# anyone use pavtube video converter to convert .tivo to H264?



## tivoknucklehead (Dec 12, 2002)

I want to put tivo shows on my new ipad so I am testing the pavtube video converter which supports this natively. My problem is that in trying to convert a 6gb .tivo file the converter locks up when the file size hits 1 gb. I have an email in to tech support to see if their is a size limitation. anyone use this or another converter?


----------



## alleybj (Dec 6, 2000)

I'm using it successfully for Ipad with files bigger than 6 gig


----------



## tivoknucklehead (Dec 12, 2002)

alleybj said:


> I'm using it successfully for Ipad with files bigger than 6 gig


interesting, maybe I'll try it again on a different file. no other problems with it, the conversion looked great on my ipad of "Lost" and "V"


----------



## Welshdog (Jan 4, 2005)

tivoknucklehead said:


> I want to put tivo shows on my new ipad so I am testing the pavtube video converter which supports this natively. My problem is that in trying to convert a 6gb .tivo file the converter locks up when the file size hits 1 gb. I have an email in to tech support to see if their is a size limitation. anyone use this or another converter?


I use Toast Titanium 11 on my Mac Mini to convert shows. Just did a big batch of Revenge and Bones for my wife this weekend. Works well for me.


----------



## wmcbrine (Aug 2, 2003)

The main thing I know about pavtube is that they're spammers. 

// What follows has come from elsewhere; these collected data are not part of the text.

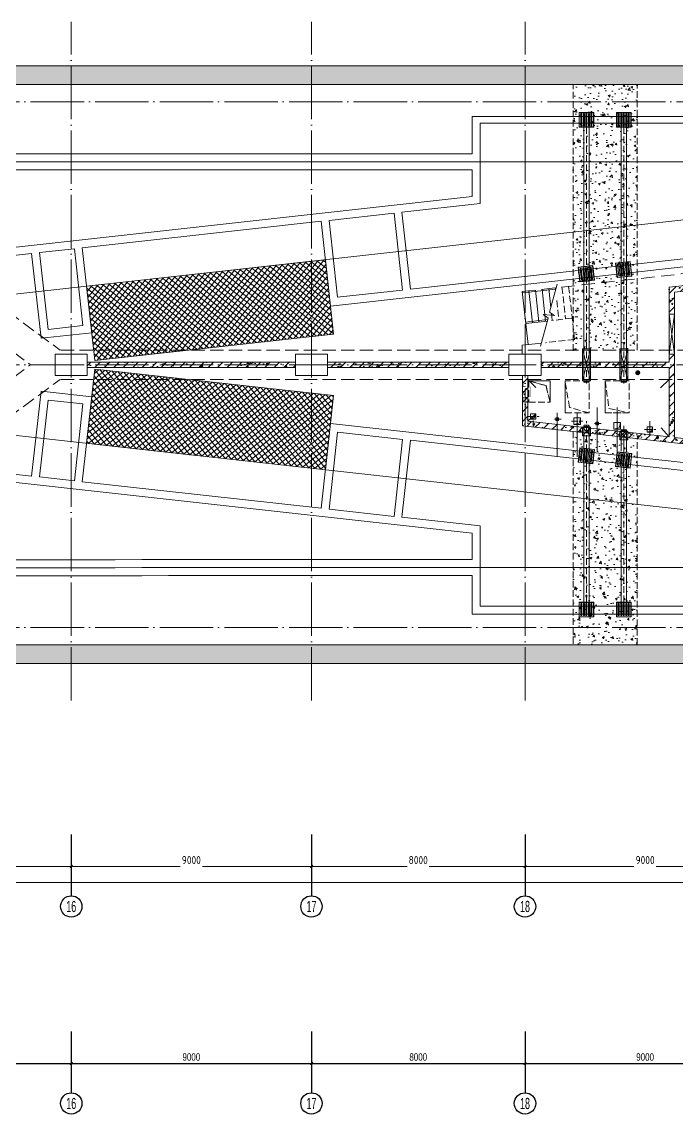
# Model space of a CAD drawing. Extents: x 4 to 13611208, y -605838 to 574722.
# Drawn here: x 13237547 to 13262097, y -161280 to -120348 of the extents above; entities that cross this region are included whole.
import ezdxf
from ezdxf.enums import TextEntityAlignment as Align

# ---------------------------------------------------------------- set-up
doc = ezdxf.new("R2010")
doc.units = 0
doc.header["$LTSCALE"] = 1000
doc.header["$MEASUREMENT"] = 0
for name, pattern in [('_虚线L', [0.375, 0.25, -0.125]), ('DASH', [0.35, 0.25, -0.1]), ('DOTE', [2.4200000000000004, 2, -0.2, 0.02, -0.2])]:
    doc.linetypes.add(name, pattern=pattern)
doc.layers.add('AXIS', color=3, linetype='Continuous')
doc.layers.add('AXIS_TEXT', color=7, linetype='Continuous')
doc.layers.add('建筑底图', color=8, linetype='Continuous', lineweight=13)
doc.layers.add('预埋管', color=8, linetype='Continuous', lineweight=5)
doc.styles.add('C', font='HZTXT_E', dxfattribs={"width": 0.7, "bigfont": 'HZTXT'})
doc.styles.add('C_T3', font='fsdb_e.shx', dxfattribs={"width": 0.8, "bigfont": 'hzdx.shx'})
doc.styles.add('COMPLEX', font='hztxt_e.shx', dxfattribs={"width": 0.6, "bigfont": 'HZTXT.shx'})
doc.styles.add('DIM_FONT', font='gbenor.shx', dxfattribs={"bigfont": 'gbcbig.shx'})
doc.dimstyles.new('_TCH_ARCH&&100', dxfattribs={"dimtxt": 300, "dimasz": 100, "dimexe": 100, "dimexo": 100, "dimgap": 100, "dimtad": 1, "dimdec": 0, "dimzin": 0, "dimdsep": 46, "dimtxsty": 'DIM_FONT', "dimblk": 'ARCHTICK', "dimcen": 0.09, "dimclrd": 3, "dimclre": 3, "dimclrt": 7, "dimaunit": 1, "dimazin": 2, "dimtfac": 1, "dimtdec": 0, "dimtix": 1, "dimtmove": 2, "dimatfit": 3, "dimfxl": 1, "dimtolj": 1, "dimtzin": 0, "dimlwd": 18, "dimlwe": 18, "dimarcsym": 0})
pattern_1 = [(45, (-1624125.251857531, 421106.568227344), (-176.7766952966369, 176.7766952966369), []), (49.99999999999999, (-1624125.251857531, 421106.568227344), (717.2601826007534, -62.75213498259511), [75, -825]), (355, (-1624125.251857531, 421106.568227344), (-138.751333613, 752.1921337000118), [60, -660]), (100.4514, (-1624065.480177531, 421101.338887344), (578.5093817140216, 689.4395420609536), [63.74019000000001, -701.142112]), (46.18420000000001, (-1624125.251857531, 421306.568227344), (1067.241048625644, -165.5190143290181), [112.5, -1237.5]), (96.6356, (-1624036.315112531, 421292.7749203439), (934.6627055487033, 974.1178709004417), [95.610288, -1051.713]), (351.1842, (-1624125.251857531, 421306.568227344), (934.6619451336272, 974.1186009253246), [90, -990]), (21, (-1624025.251857531, 421256.568227344), (596.9070521184617, -402.6188906653388), [75, -825]), (326.0000000000001, (-1624025.251857531, 421256.568227344), (243.3153319215817, 725.150045046853), [60, -660]), (71.4514, (-1623975.509624531, 421223.016621344), (840.22262858149, 322.5304967099524), [63.74019000000001, -701.142112]), (37.50000000000001, (-1624125.251857531, 421106.568227344), (12.15985531729067, 332.8938538313115), [0, -652, 0, -670, 0, -662.5]), (7.499999999999999, (-1624125.251857531, 421106.568227344), (263.0695374421486, 394.4117118823602), [0, -382, 0, -637, 0, -252.5]), (327.5, (-1624348.251857531, 421106.568227344), (533.822436172409, -22.55487173437976), [0, -250, 0, -780, 0, -1035]), (317.5, (-1624448.251857531, 421106.568227344), (583.1861693423863, 100.1049823323177), [0, -325, 0, -518, 0, -735])]
pattern_2 = [(49.99983461336128, (-12580642.11048758, 198410.2605093268), (717.2600014611306, -62.75420538353444), [74.99999999999989, -824.9999999999991]), (354.9998346133613, (-12580642.11048758, 198410.2605093268), (-138.7491623786987, 752.1925342083448), [60, -660]), (100.4512346133613, (-12580582.33882267, 198405.0309967934), (578.5113718073819, 689.4378721668095), [63.74019000000001, -701.142112]), (46.18403461336131, (-12580642.10991027, 198610.260509326), (1067.240570843713, -165.522094963783), [112.5, -1237.5]), (96.63543461336126, (-12580553.17320508, 198596.4669456065), (934.6655173763575, 974.115172953803), [95.61028799999998, -1051.713]), (351.1840346133612, (-12580642.10991027, 198610.260509326), (934.6647569633886, 974.1159029808808), [89.99999999999989, -989.9999999999991]), (20.9998346133613, (-12580542.11005459, 198560.2602206721), (596.9058899398847, -402.6206136605703), [75, -825]), (325.9998346133614, (-12580542.11005459, 198560.2602206721), (243.3174250961833, 725.149342704057), [60, -660]), (71.45123461336128, (-12580492.36791844, 198526.7084710892), (840.2235595756162, 322.5280713712188), [63.74019000000001, -701.142112]), (37.49983461336124, (-12580642.11048758, 198410.2605093268), (12.16081622912585, 332.8938187299991), [0, -652, 0, -670, 0, -662.5]), (7.499834613361269, (-12580642.11048758, 198410.2605093268), (263.0706759267816, 394.4109525196101), [0, -381.9999999999995, 0, -636.9999999999991, 0, -252.4999999999998]), (327.4998346133613, (-12580865.11048757, 198410.2611530256), (533.8223710646143, -22.55641263483995), [0, -249.9999999999998, 0, -779.9999999999991, 0, -1034.999999999998]), (317.4998346133613, (-12580965.11048757, 198410.2614416797), (583.186458297131, 100.1032989408878), [0, -324.9999999999995, 0, -517.9999999999991, 0, -734.9999999999991])]

# ---------------------------------------------------------------- blocks, each defined once
blk = doc.blocks.new('沉砂坑')
at = {"layer": '预埋管', "color": 30}
for points in [[(222865.7266732166, 240144.9564316287), (223415.7266732166, 240144.9564110248), (223415.7266526129, 239594.9564110248), (222865.7266526129, 239594.9564316287)], [(222875.7266728412, 240134.956431254), (223405.7266728412, 240134.9564113996), (223405.7266529873, 239604.9564113996), (222875.7266529873, 239604.956431254)], [(222933.0129012819, 240094.1871983388), (222933.0128844827, 239645.7256598773), (222974.3973125136, 239645.7256583269), (222974.3973293127, 240094.1871967884)], [(223026.52367929, 240094.1871948356), (223026.5236624908, 239645.7256563741), (223067.9080905216, 239645.7256548239), (223067.9081073208, 240094.1871932854)], [(223161.4188853288, 240094.1871897823), (223161.4188685296, 239645.7256513208), (223120.0344404988, 239645.7256528712), (223120.034457298, 240094.1871913327)], [(223254.9296633368, 240094.1871862793), (223254.9296465376, 239645.7256478178), (223213.5452185078, 239645.7256493683), (223213.545235307, 240094.1871878298)], [(223348.4404413458, 240094.1871827764), (223348.4404245466, 239645.7256443149), (223307.0559965158, 239645.7256458651), (223307.056013315, 240094.1871843266)]]:
    blk.add_lwpolyline(points, close=True, dxfattribs=at)
blk = doc.blocks.new('王家畈站给排水平面图20120703-地漏')
at = {"ltscale": 10}
h = blk.add_hatch(dxfattribs=at)
h.set_pattern_fill('ANSI31', color=256, scale=15, style=0)
h.set_pattern_definition([(45, (-753263.7781220253, -1134969.749456677), (-33.67596045400932, 33.67596045400933), [])])
h.paths.add_polyline_path([(100, 0, 1), (-100, 0, 1)])
blk.add_circle((0, 0), 100)
blk = doc.blocks.new('_FZH')
blk.add_lwpolyline([(-0.5, -0.5), (0.5, -0.5), (0.5000000000000001, 0.5), (-0.4999999999999999, 0.5)], close=True)
blk = doc.blocks.new('_ArchTick')
at = {"color": 0, "linetype": 'ByBlock', "const_width": 0.4}
blk.add_lwpolyline([(-0.5, -0.5), (0.5, 0.5)], dxfattribs=at)
blk = doc.blocks.new('*D1638')
at = {"layer": 'AXIS', "color": 3, "lineweight": 18, "ltscale": 3}
for p, q in [((108399.9999993686, -500), (108399.9999993686, -1300)), ((116800.0000000093, -500), (116800.0000000093, -1300)), ((108399.9999993686, -1200), (112174.9015744921, -1200)), ((116800.0000000093, -1200), (113025.0984248858, -1200))]:
    blk.add_line(p, q, dxfattribs=at)
at = {"layer": 'AXIS', "color": 3, "lineweight": 18, "ltscale": 3, "xscale": 100, "yscale": 100, "zscale": 100, "rotation": 180}
blk.add_blockref('_ArchTick', (108399.9999993686, -1200), dxfattribs=at)
at = {"layer": 'AXIS', "color": 3, "lineweight": 18, "ltscale": 3, "xscale": 100, "yscale": 100, "zscale": 100}
blk.add_blockref('_ArchTick', (116800.0000000093, -1200), dxfattribs=at)
at = {"layer": 'AXIS', "color": 7, "ltscale": 3, "insert": (112599.9999996889, -960), "char_height": 300, "attachment_point": 5, "style": 'DIM_FONT'}
blk.add_mtext('\\A1;8400', dxfattribs=at)
blk = doc.blocks.new('*D1639')
at = {"layer": 'AXIS', "color": 3, "lineweight": 18, "ltscale": 3}
for p, q in [((116800.0000000093, -500), (116800.0000000093, -1300)), ((125800.0000000056, -500), (125800.0000000056, -1300)), ((116800.0000000093, -1200), (120882.2239052809, -1200)), ((125800.0000000056, -1200), (121717.776094734, -1200))]:
    blk.add_line(p, q, dxfattribs=at)
at = {"layer": 'AXIS', "color": 3, "lineweight": 18, "ltscale": 3, "xscale": 100, "yscale": 100, "zscale": 100, "rotation": 180}
blk.add_blockref('_ArchTick', (116800.0000000093, -1200), dxfattribs=at)
at = {"layer": 'AXIS', "color": 3, "lineweight": 18, "ltscale": 3, "xscale": 100, "yscale": 100, "zscale": 100}
blk.add_blockref('_ArchTick', (125800.0000000056, -1200), dxfattribs=at)
at = {"layer": 'AXIS', "color": 7, "ltscale": 3, "insert": (121300.0000000075, -960), "char_height": 300, "attachment_point": 5, "style": 'DIM_FONT'}
blk.add_mtext('\\A1;9000', dxfattribs=at)
blk = doc.blocks.new('*D1640')
at = {"layer": 'AXIS', "color": 3, "lineweight": 18, "ltscale": 3}
for p, q in [((125800.0000000056, -500), (125800.0000000056, -1300)), ((133799.9999999981, -500), (133799.9999999981, -1300)), ((125800.0000000056, -1200), (129387.401574805, -1200)), ((133799.9999999981, -1200), (130212.5984251987, -1200))]:
    blk.add_line(p, q, dxfattribs=at)
at = {"layer": 'AXIS', "color": 3, "lineweight": 18, "ltscale": 3, "xscale": 100, "yscale": 100, "zscale": 100, "rotation": 180}
blk.add_blockref('_ArchTick', (125800.0000000056, -1200), dxfattribs=at)
at = {"layer": 'AXIS', "color": 3, "lineweight": 18, "ltscale": 3, "xscale": 100, "yscale": 100, "zscale": 100}
blk.add_blockref('_ArchTick', (133799.9999999981, -1200), dxfattribs=at)
at = {"layer": 'AXIS', "color": 7, "ltscale": 3, "insert": (129800.0000000019, -960), "char_height": 300, "attachment_point": 5, "style": 'DIM_FONT'}
blk.add_mtext('\\A1;8000', dxfattribs=at)
blk = doc.blocks.new('*D1641')
at = {"layer": 'AXIS', "color": 3, "lineweight": 18, "ltscale": 3}
for p, q in [((133799.9999999981, -500), (133799.9999999981, -1300)), ((142799.9999999981, -500), (142799.9999999981, -1300)), ((133799.9999999981, -1200), (137882.2239052716, -1200)), ((142799.9999999981, -1200), (138717.7760947247, -1200))]:
    blk.add_line(p, q, dxfattribs=at)
at = {"layer": 'AXIS', "color": 3, "lineweight": 18, "ltscale": 3, "xscale": 100, "yscale": 100, "zscale": 100, "rotation": 180}
blk.add_blockref('_ArchTick', (133799.9999999981, -1200), dxfattribs=at)
at = {"layer": 'AXIS', "color": 3, "lineweight": 18, "ltscale": 3, "xscale": 100, "yscale": 100, "zscale": 100}
blk.add_blockref('_ArchTick', (142799.9999999981, -1200), dxfattribs=at)
at = {"layer": 'AXIS', "color": 7, "ltscale": 3, "insert": (138299.9999999981, -960), "char_height": 300, "attachment_point": 5, "style": 'DIM_FONT'}
blk.add_mtext('\\A1;9000', dxfattribs=at)
blk = doc.blocks.new('*D1670')
at = {"layer": 'AXIS', "color": 3, "lineweight": 18, "ltscale": 3}
for p, q in [((-900.0000007636845, -300), (-900.0000007636846, -1900)), ((351100, -300), (351100, -1900)), ((-900.0000007636846, -1800), (174512.4015744213, -1800)), ((351100, -1800), (175687.598424815, -1800))]:
    blk.add_line(p, q, dxfattribs=at)
at = {"layer": 'AXIS', "color": 3, "lineweight": 18, "ltscale": 3, "xscale": 100, "yscale": 100, "zscale": 100, "rotation": 180}
blk.add_blockref('_ArchTick', (-900.0000007636846, -1800), dxfattribs=at)
at = {"layer": 'AXIS', "color": 3, "lineweight": 18, "ltscale": 3, "xscale": 100, "yscale": 100, "zscale": 100}
blk.add_blockref('_ArchTick', (351100, -1800), dxfattribs=at)
at = {"layer": 'AXIS', "color": 7, "ltscale": 3, "insert": (175099.9999996182, -1560), "char_height": 300, "attachment_point": 5, "style": 'DIM_FONT'}
blk.add_mtext('\\A1;352000', dxfattribs=at)
blk = doc.blocks.new('_AXISO')
blk.add_circle((0, 0), 0.5)
at = {"layer": 'AXIS_TEXT', "style": 'COMPLEX', "width": 1.041666666666667}
blk.add_attdef('A', text='', height=0.56, dxfattribs=at).set_placement((-0.25, -0.28), (0.25, -0.28), align=Align.FIT)
blk = doc.blocks.new('*D1507')
at = {"layer": 'AXIS', "color": 3, "lineweight": -2, "ltscale": 3}
for p, q in [((-142899.9999935934, -36131.75767615123), (-142899.9999935934, -36831.75767615123)), ((-134499.9999929527, -36131.75767615123), (-134499.9999929527, -36831.75767615123)), ((-142899.9999935934, -36731.75767615123), (-134499.9999929527, -36731.75767615123))]:
    blk.add_line(p, q, dxfattribs=at)
at = {"layer": 'AXIS', "color": 3, "lineweight": -2, "ltscale": 3, "xscale": 100, "yscale": 100, "zscale": 100, "rotation": 180}
blk.add_blockref('_ArchTick', (-142899.9999935934, -36731.75767615123), dxfattribs=at)
at = {"layer": 'AXIS', "color": 3, "lineweight": -2, "ltscale": 3, "xscale": 100, "yscale": 100, "zscale": 100}
blk.add_blockref('_ArchTick', (-134499.9999929527, -36731.75767615123), dxfattribs=at)
at = {"layer": 'AXIS', "color": 3, "ltscale": 3, "insert": (-138699.9999932731, -36491.75767615123), "char_height": 280, "attachment_point": 5, "style": 'C_T3'}
blk.add_mtext('\\A1;8400', dxfattribs=at)
blk = doc.blocks.new('*D1508')
at = {"layer": 'AXIS', "color": 3, "lineweight": -2, "ltscale": 3}
for p, q in [((-134499.9999929527, -36131.75767615123), (-134499.9999929527, -36831.75767615123)), ((-125499.9999929564, -36131.75767615123), (-125499.9999929564, -36831.75767615123)), ((-134499.9999929527, -36731.75767615123), (-125499.9999929564, -36731.75767615123))]:
    blk.add_line(p, q, dxfattribs=at)
at = {"layer": 'AXIS', "color": 3, "lineweight": -2, "ltscale": 3, "xscale": 100, "yscale": 100, "zscale": 100, "rotation": 180}
blk.add_blockref('_ArchTick', (-134499.9999929527, -36731.75767615123), dxfattribs=at)
at = {"layer": 'AXIS', "color": 3, "lineweight": -2, "ltscale": 3, "xscale": 100, "yscale": 100, "zscale": 100}
blk.add_blockref('_ArchTick', (-125499.9999929564, -36731.75767615123), dxfattribs=at)
at = {"layer": 'AXIS', "color": 3, "ltscale": 3, "insert": (-129999.9999929545, -36491.75767615123), "char_height": 280, "attachment_point": 5, "style": 'C_T3'}
blk.add_mtext('\\A1;9000', dxfattribs=at)
blk = doc.blocks.new('*D1509')
at = {"layer": 'AXIS', "color": 3, "lineweight": -2, "ltscale": 3}
for p, q in [((-125499.9999929564, -36131.75767615123), (-125499.9999929564, -36831.75767615123)), ((-117499.9999929639, -36131.75767615123), (-117499.9999929639, -36831.75767615123)), ((-125499.9999929564, -36731.75767615123), (-117499.9999929639, -36731.75767615123))]:
    blk.add_line(p, q, dxfattribs=at)
at = {"layer": 'AXIS', "color": 3, "lineweight": -2, "ltscale": 3, "xscale": 100, "yscale": 100, "zscale": 100, "rotation": 180}
blk.add_blockref('_ArchTick', (-125499.9999929564, -36731.75767615123), dxfattribs=at)
at = {"layer": 'AXIS', "color": 3, "lineweight": -2, "ltscale": 3, "xscale": 100, "yscale": 100, "zscale": 100}
blk.add_blockref('_ArchTick', (-117499.9999929639, -36731.75767615123), dxfattribs=at)
at = {"layer": 'AXIS', "color": 3, "ltscale": 3, "insert": (-121499.9999929601, -36491.75767615123), "char_height": 280, "attachment_point": 5, "style": 'C_T3'}
blk.add_mtext('\\A1;8000', dxfattribs=at)
blk = doc.blocks.new('*D1510')
at = {"layer": 'AXIS', "color": 3, "lineweight": -2, "ltscale": 3}
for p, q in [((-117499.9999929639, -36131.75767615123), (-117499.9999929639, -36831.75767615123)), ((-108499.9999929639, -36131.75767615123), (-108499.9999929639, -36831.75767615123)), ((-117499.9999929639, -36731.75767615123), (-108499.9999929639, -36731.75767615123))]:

The TiVo Stream will do what you want, although it's a bit pricey. Of course there's also TiVo Desktop Plus, kmttg, etc.


----------



## dlfl (Jul 6, 2006)

tivoknucklehead said:


> I want to put tivo shows on my new ipad so I am testing the pavtube video converter which supports this natively. My problem is that in trying to convert a 6gb .tivo file the converter locks up when the file size hits 1 gb. I have an email in to tech support to see if their is a size limitation. anyone use this or another converter?


Sounds like a FAT32-formatted disk drive is involved.


----------